Review of "Mesos: A Platform for Fine-Grained Resource Sharing in the Data Center"

26 Sep 2015

Review of "Mesos: A Platform for Fine-Grained Resource Sharing in the Data Center"

Mesos, often referred as the operating system for data centers, is a platform for sharing commodity clusters between multiple diverse cluster computing frameworks such as Hadoop and MPI which can achieve near optimal data locality when sharing the cluster among diverse frameworks, and can scale out to 50,000 (emulated) nodes and be resilient.

Mesos acts as another abstraction level of computation power. Instead of having the framework schedulers send tasks to the physical machines, Mesos takes over the task and distributes it to machines. By doing this, Mesos can do optimization on task distribution and flexibly scale different computations according to different needs.

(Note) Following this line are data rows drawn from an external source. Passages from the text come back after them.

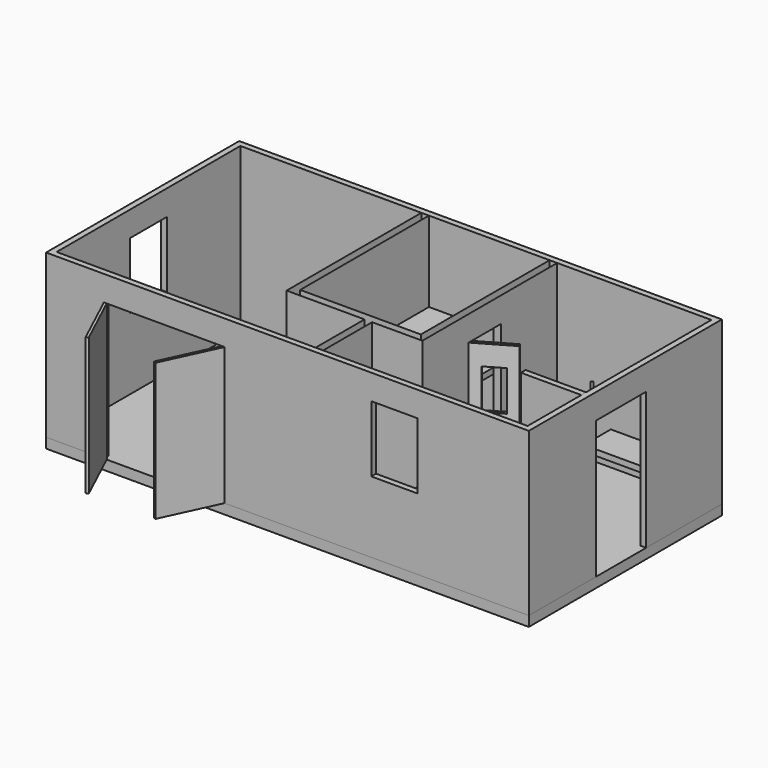
from build123d import *

# Parameters (mm, degrees)
F0_W           = 7315.2
F0_H           = 3657.6
F1_DEPTH       = 152.4
F2_W           = 7315.2
F2_H           = 3657.6
F2_W_2         = 7137.4
F2_H_2         = 3479.8
F3_DEPTH       = 2463.8
F4_W           = 952.5
F4_H           = 2082.8
F5_DEPTH       = 88.9
F6_W           = 1828.8
F6_H           = 2082.8
F6_W_2         = 698.5
F6_H_2         = 1003.3
F7_DEPTH       = 88.9
F8_W           = 698.5
F8_H           = 1003.3
F9_DEPTH       = 88.9
F10_W          = 114.3
F10_H          = 927.1
F11_DEPTH      = 2463.8
F12_W          = 914.4
F12_H          = 88.9
F13_DEPTH      = 2463.8
F14_W          = 609.6
F14_H          = 2082.8
F15_DEPTH      = 114.3
F16_W          = 609.6
F16_H          = 88.9
F17_DEPTH      = 698.5
F17_DEPTH_BACK = 1739.9
F18_W          = 457.2
F18_H          = 88.9
F19_DEPTH      = 698.5
F19_DEPTH_BACK = 1739.9
F20_W          = 1524
F20_H          = 88.9
F21_DEPTH      = 508
F24_DEPTH      = 2082.8
F26_DEPTH      = 2082.8
F28_DEPTH      = 1676.4
F29_W          = 768.35
F29_H          = 768.35
F30_DEPTH      = 50.8
F31_W          = 1524
F31_H          = 88.9
F32_DEPTH      = 508
F34_DEPTH      = 88.9
F35_W          = 304.8
F35_H          = 609.6
F36_DEPTH      = 50.8
F38_DEPTH      = 50.8
F40_DEPTH      = 25.4
F41_W          = 508
F41_H          = 406.4
F42_DEPTH      = 9.525
F43_W          = 508
F43_H          = 406.4
F43_W_2        = 488.95
F43_H_2        = 387.35
F44_DEPTH      = 406.4
F46_DEPTH      = 12.7
F49_DEPTH      = 2082.8
F50_R          = 304.8
F51_DEPTH      = 914.4
F52_T          = -6.35
F53_W          = 762
F53_H          = 927.1
F54_DEPTH      = 38.1
F55_W          = 393.7
F55_H          = 508
F56_DEPTH      = 114.3


with BuildPart() as f1:
    # F0 (on Top) → F1 (new body)
    with BuildSketch(Plane.XY):
        Rectangle(F0_W, F0_H)
    extrude(amount=F1_DEPTH)


with BuildPart() as f3:
    # F2 (on face) → F3 (new body)
    with BuildSketch(Plane.XY.offset(152.4)):
        Rectangle(F2_W, F2_H)
        Rectangle(F2_W_2, F2_H_2, mode=Mode.SUBTRACT)
    extrude(amount=F3_DEPTH)

    # F4 (on face) → F5 (cut, through all)
    with BuildSketch(Plane.YZ.offset(3657.6)):
        with Locations((-82.55, 1193.8)):
            Rectangle(F4_W, F4_H)
    extrude(amount=-F5_DEPTH, mode=Mode.SUBTRACT)

    # F6 (on face) → F7 (cut, through all)
    with BuildSketch(Plane.XZ.offset(1828.8)):
        with Locations((-1866.9, 1193.8)):
            Rectangle(F6_W, F6_H)
        with Locations((1619.25, 1733.55)):
            Rectangle(F6_W_2, F6_H_2)
    extrude(amount=-F7_DEPTH, mode=Mode.SUBTRACT)

    # F8 (on face) → F9 (cut, through all)
    with BuildSketch(Plane(origin=(-3657.6, 0, 0), x_dir=(0, -1, 0), z_dir=(-1, 0, 0))):
        with Locations((0, 1733.55)):
            Rectangle(F8_W, F8_H)
    extrude(amount=-F9_DEPTH, mode=Mode.SUBTRACT)


with BuildPart() as f11:
    # F10 (on face) → F11 (new body, through all)
    with BuildSketch(Plane.XY.offset(152.4)):
        with Locations((412.75, -1276.35)):
            Rectangle(F10_W, F10_H)
        Polygon((-825.5, -812.8), (355.6, -812.8), (469.9, -812.8), (1231.9, -812.8), (1231.9, 1739.9), (1117.6, 1739.9), (1117.6, -698.5), (-711.2, -698.5), (-711.2, 1739.9), (-825.5, 1739.9), align=None)
    extrude(amount=F11_DEPTH)

    # F14 (on face) → F15 (cut, through all)
    with BuildSketch(Plane.YZ.offset(1231.9)):
        with Locations((368.3, 1193.8)):
            Rectangle(F14_W, F14_H)
    extrude(amount=-F15_DEPTH, mode=Mode.SUBTRACT)

    # F55 (on face) → F56 (cut, through all)
    with BuildSketch(Plane.YZ.offset(1231.9)):
        with Locations((1359.3832832336, 406.4)):
            Rectangle(F55_W, F55_H)
    extrude(amount=-F56_DEPTH, mode=Mode.SUBTRACT)


with BuildPart() as f13:
    # F12 (on face) → F13 (new body, through all)
    with BuildSketch(Plane.XY.offset(152.4)):
        with Locations((3111.5, -679.45)):
            Rectangle(F12_W, F12_H)
    extrude(amount=F13_DEPTH)


with BuildPart() as f17:
    # F16 (on Front) → F17 (new body, two sides)
    with BuildSketch(Plane.XZ) as f17_sk:
        with Locations((-406.4, 1352.55)):
            Rectangle(F16_W, F16_H)
    extrude(amount=F17_DEPTH)
    extrude(f17_sk.sketch, amount=-F17_DEPTH_BACK)


with BuildPart() as f19:
    # F18 (on Front) → F19 (new body, two sides)
    with BuildSketch(Plane.XZ) as f19_sk:
        with Locations((76.2, 895.35)):
            Rectangle(F18_W, F18_H)
    extrude(amount=F19_DEPTH)
    extrude(f19_sk.sketch, amount=-F19_DEPTH_BACK)


with BuildPart() as f21:
    # F20 (on face) → F21 (new body)
    with BuildSketch(Plane.XZ.offset(-1739.9)):
        with Locations((2806.7, 615.95)):
            Rectangle(F20_W, F20_H)
    extrude(amount=F21_DEPTH)


with BuildPart() as f24:
    # F23 (on face) → F24 (new body)
    with BuildSketch(Plane.XY.offset(152.4)):
        Polygon((1734.429086147, 412.2940905122), (1206.5, 107.4940905122), (1231.9, 63.5), (1759.829086147, 368.3), align=None)
    extrude(amount=F24_DEPTH)

    # F35 (on face) → F36 (cut, through all)
    with BuildSketch(Plane(origin=(280.4786934298, -485.803347461, 0), x_dir=(0.8660254038, 0.5, 0), z_dir=(0.5, -0.8660254038, 0))):
        with Locations((1403.406694922, 1625.6)):
            Rectangle(F35_W, F35_H)
    extrude(amount=-F36_DEPTH, mode=Mode.SUBTRACT)


with BuildPart() as f26:
    # F25 (on face) → F26 (new body)
    with BuildSketch(Plane.XY.offset(152.4)):
        Polygon((2977.9257969634, 188.3560018005), (3568.7, -558.8), (3598.586240072, -535.1690318785), (3007.8120370354, 211.986969922), align=None)
    extrude(amount=F26_DEPTH)


with BuildPart() as f28:
    # F27 (on face) → F28 (new body)
    with BuildSketch(Plane.XY.offset(152.4)):
        Polygon((-711.2, -971.55), (-711.2, -1739.9), (57.15, -1739.9), (57.15, -1733.55), (-704.85, -1733.55), (-704.85, -971.55), align=None)
    extrude(amount=F28_DEPTH)

    # F29 (on face) → F30 (join)
    with BuildSketch(Plane.XY.offset(152.4)):
        with Locations((-327.025, -1355.725)):
            Rectangle(F29_W, F29_H)
    extrude(amount=F30_DEPTH)


with BuildPart() as f32:
    # F31 (on face) → F32 (new body)
    with BuildSketch(Plane(origin=(0, -1739.9, 0), x_dir=(-1, 0, 0), z_dir=(0, 1, 0))):
        with Locations((-2806.7, 615.95)):
            Rectangle(F31_W, F31_H)
    extrude(amount=F32_DEPTH)

    # F33 (on face) → F34 (cut, through all)
    with BuildSketch(Plane.XY.offset(660.4)):
        Polygon((2197.1, -1231.9), (2044.7, -1231.9), (2044.7, -1384.3), align=None)
    extrude(amount=-F34_DEPTH, mode=Mode.SUBTRACT)


with BuildPart() as f38:
    # F37 (on face) → F38 (new body)
    with BuildSketch(Plane.XY.offset(152.4)):
        Polygon((508, 977.9), (1117.6, 977.9), (1117.6, 1162.05), (1219.2, 1162.05), (1219.2, 1555.75), (1117.6, 1555.75), (1117.6, 1739.9), (508, 1739.9), align=None)
    extrude(amount=F38_DEPTH)


with BuildPart() as f40:
    # F39 (on face) → F40 (new body)
    with BuildSketch(Plane.XY.offset(152.4)):
        Polygon((1108.0693342209, 1665.9335847944), (1108.0693342209, 1056.3335847944), (1311.2693342209, 1056.3335847944), (1412.8693342209, 1157.9335847944), (1412.8693342209, 1564.3335847944), (1311.2693342209, 1665.9335847944), align=None)
    extrude(amount=F40_DEPTH)


with BuildPart() as f42:
    # F41 (on face) → F42 (new body)
    with BuildSketch(Plane.XY.offset(152.4)):
        with Locations((2629.7176399231, -1536.7)):
            Rectangle(F41_W, F41_H)
    extrude(amount=F42_DEPTH)

    # F43 (on face) → F44 (join)
    with BuildSketch(Plane.XY.offset(161.925)):
        with Locations((2629.7176399231, -1536.7)):
            Rectangle(F43_W, F43_H)
        with Locations((2629.7176399231, -1536.7)):
            Rectangle(F43_W_2, F43_H_2, mode=Mode.SUBTRACT)
    extrude(amount=F44_DEPTH)

    # F45 (on face) → F46 (join)
    with BuildSketch(Plane.XY.offset(568.325)):
        with BuildLine():
            Line((2350.3176399231, -1600.2), (2375.7176399231, -1600.2))
            Line((2375.7176399231, -1600.2), (2375.7176399231, -1473.2))
            Line((2375.7176399231, -1473.2), (2350.3176399231, -1473.2))
            ThreePointArc((2350.3176399231, -1473.2), (2341.337383802, -1476.9197438789), (2337.6176399231, -1485.9))
            Line((2337.6176399231, -1485.9), (2337.6176399231, -1587.5))
            ThreePointArc((2337.6176399231, -1587.5), (2341.337383802, -1596.4802561211), (2350.3176399231, -1600.2))
        make_face()
        with BuildLine():
            Line((2883.7176399231, -1473.2), (2883.7176399231, -1600.2))
            Line((2883.7176399231, -1600.2), (2909.1176399231, -1600.2))
            ThreePointArc((2909.1176399231, -1600.2), (2918.0978960442, -1596.4802561211), (2921.8176399231, -1587.5))
            Line((2921.8176399231, -1587.5), (2921.8176399231, -1485.9))
            ThreePointArc((2921.8176399231, -1485.9), (2918.0978960442, -1476.9197438789), (2909.1176399231, -1473.2))
            Line((2909.1176399231, -1473.2), (2883.7176399231, -1473.2))
        make_face()
    extrude(amount=-F46_DEPTH)


with BuildPart() as f49:
    # F48 (on face) → F49 (new body)
    with BuildSketch(Plane.XY.offset(152.4)):
        Polygon((-2746.7712332818, -1812.6948992887), (-2781.3, -1828.8), (-2394.7775829299, -2657.490401237), (-2360.2488162117, -2641.3853005257), align=None)
    extrude(amount=F49_DEPTH)


with BuildPart() as f49b:
    # F48 (on face) → F49, piece 2 (new body)
    with BuildSketch(Plane.XY.offset(152.4)):
        Polygon((-1339.0224170701, -2657.490401237), (-952.5, -1828.8), (-987.0287667182, -1812.6948992887), (-1373.5511837883, -2641.3853005257), align=None)
    extrude(amount=F49_DEPTH)


with BuildPart() as f51:
    # F50 (on face) → F51 (new body)
    with BuildSketch(Plane.XY.offset(152.4)):
        with Locations((1960.6037139893, -1393.118262291)):
            Circle(F50_R)
    extrude(amount=F51_DEPTH)

    # F52
    f52_openings = [f51.faces().sort_by_distance(p)[0] for p in [
        (1960.603714, -1393.118262, 1066.8),
    ]]
    offset(amount=F52_T, openings=f52_openings)


with BuildPart() as f54:
    # F53 (on face) → F54 (new body)
    with BuildSketch(Plane.XY.offset(152.4)):
        with Locations((850.9, -1276.35)):
            Rectangle(F53_W, F53_H)
    extrude(amount=F54_DEPTH)


solid = Compound([f1.part, f3.part, f11.part, f13.part, f17.part, f19.part, f21.part, f24.part, f26.part, f28.part, f32.part, f38.part, f40.part, f42.part, f49.part, f49b.part, f51.part, f54.part])

A Mesos framework is a distributed system that has a scheduler, like an app of the cluster. The resource allocation mechanism works like this. First, Mesos has the total knowledge of all the hardware resources of the cluster, through a registration process. When a new framework needs to run, Mesos takes a look at the resource pool, selects a resource and offer to the framework, the framework can reject this offer or accept it. (The key reason why Mesos doesn't allow frameworks to specify resource requirements is to keep Mesos simple but still capable of supporting arbitrarily complex resource constraints, but this might bring efficiency problems, because a framework might need to wait for a lot of time to get the required resources. Mesos solves this through a filters optimization, which is like a hint to Mesos what resource will be accepted.) Resource allocation is delegated to a pluggable allocation module, so that it can be tailored for different needs and evolve separately. Similar to allocation, resource isolation is also pluggable, currently it isolates resource through OS container technologies like Linux Containers and Solaris Projects.

Fault Tolerance of Mesos is achieved by hot standby master replications with ZooKeeper. And node failures is propagated to the specific framework for them to react. Schedulers can also register an alternative schedulers, so that it can be notified after the main scheduler failed.

Mesos is written in about 10,000 lines of C++, built on top of libprocess which provides actor-based concurrency model using efficient asynchronous I/O mechanism (epoll, kqueue, etc). And ZooKeeper is used to perform leader election. One thing to note is that Mesos also enables the creation of a Spark which is known for efficiency thanks to Mesos.

Will this paper be influential in 10 years? I think so. As more and more distributed systems coming out, there's a need to have an OS to manage all of the different resources. Mesos, with its simplicity and efficiency and the rich ecosystem – Spark, Marathon, Cronos, etc. will certainly benefit the industry in the long run.